After only a month she noticed her clothes had become looser. From then on, the weight started dropping off. ‘The strange thing was, I wasn’t eating anything different. I just couldn’t physically have seconds any more, and the idea of pudding after a full meal had lost its allure.’ Three months on, she is two stone lighter ‒ though occasionally she suffers heartburn if she eats too late at night or drinks alcohol ‒ and when we spoke in autumn, she was looking forward to losing another stone by Christmas. 

‘There is a niggling voice that tells me it is both risky and lazy to take a drug to lose weight, and I worry that it will all pile on again if I stop taking it. But if it does, I will seriously consider taking it indefinitely.’ 

Private London GP Dr Martin Galy has been prescribing semaglutide for about a year to clients who cannot lose the weight they gained in menopause. He has seen it have a transformational effect, too, on much younger women who suffer polycystic ovary syndrome. ‘PCOS sufferers are difficult to treat, and you can imagine how body image plays a very important part when it comes to self-esteem.’ 

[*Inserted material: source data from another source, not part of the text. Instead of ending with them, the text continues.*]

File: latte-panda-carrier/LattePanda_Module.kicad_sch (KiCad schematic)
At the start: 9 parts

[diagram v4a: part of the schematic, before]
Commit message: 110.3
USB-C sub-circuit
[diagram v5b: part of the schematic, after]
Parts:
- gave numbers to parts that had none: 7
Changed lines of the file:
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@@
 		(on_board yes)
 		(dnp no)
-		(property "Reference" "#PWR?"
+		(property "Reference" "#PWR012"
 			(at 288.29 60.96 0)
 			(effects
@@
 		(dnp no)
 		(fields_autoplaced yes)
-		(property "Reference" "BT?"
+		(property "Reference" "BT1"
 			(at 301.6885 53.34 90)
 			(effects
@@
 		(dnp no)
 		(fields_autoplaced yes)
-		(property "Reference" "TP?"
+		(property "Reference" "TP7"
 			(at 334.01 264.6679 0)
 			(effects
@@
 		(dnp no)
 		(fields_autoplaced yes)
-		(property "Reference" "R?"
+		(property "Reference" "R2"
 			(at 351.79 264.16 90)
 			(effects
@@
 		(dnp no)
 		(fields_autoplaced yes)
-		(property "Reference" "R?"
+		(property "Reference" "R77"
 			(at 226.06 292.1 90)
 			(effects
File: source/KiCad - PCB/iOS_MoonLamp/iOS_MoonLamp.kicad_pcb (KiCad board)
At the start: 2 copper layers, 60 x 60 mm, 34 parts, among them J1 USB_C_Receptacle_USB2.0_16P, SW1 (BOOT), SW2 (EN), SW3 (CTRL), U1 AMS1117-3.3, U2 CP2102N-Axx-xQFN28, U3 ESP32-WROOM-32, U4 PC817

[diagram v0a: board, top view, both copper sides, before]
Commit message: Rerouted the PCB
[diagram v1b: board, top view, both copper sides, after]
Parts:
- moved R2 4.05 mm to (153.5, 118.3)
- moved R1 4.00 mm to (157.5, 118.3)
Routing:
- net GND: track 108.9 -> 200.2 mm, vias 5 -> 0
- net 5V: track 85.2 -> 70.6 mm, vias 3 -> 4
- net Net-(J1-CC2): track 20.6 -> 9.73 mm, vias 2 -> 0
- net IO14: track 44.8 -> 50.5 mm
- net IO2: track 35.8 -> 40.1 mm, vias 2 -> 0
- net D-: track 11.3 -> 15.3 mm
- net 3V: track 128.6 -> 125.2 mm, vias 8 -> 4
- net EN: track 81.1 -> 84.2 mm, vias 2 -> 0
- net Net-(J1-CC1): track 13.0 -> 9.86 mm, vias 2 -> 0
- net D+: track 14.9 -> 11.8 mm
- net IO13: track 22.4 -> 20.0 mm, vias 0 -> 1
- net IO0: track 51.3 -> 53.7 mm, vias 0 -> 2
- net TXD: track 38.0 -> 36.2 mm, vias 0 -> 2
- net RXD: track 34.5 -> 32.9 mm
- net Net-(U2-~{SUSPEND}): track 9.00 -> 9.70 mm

But according to Tom Sanders, professor of nutrition and dietetics at King’s College London, it is not a magic bullet. Commenting on a study on semaglutide published in The New England Journal of Medicine in 2021, he says, ‘The challenge post-weight loss is to prevent a regain in weight,’ he wrote. It may prove to be useful in the short term, but ‘public health measures that encourage behavioural changes such as regular physical activity and moderating dietary energy intake are still needed’. 

That said, given our rising national obesity statistics and the escalation in accompanying health issues such as heart failure, cancer and obstructive sleep apnoea clogging up hospital beds, we’re going to need something. Semaglutide may be the rich person’s drug today, but might it be approved for more widespread use? Only time will tell.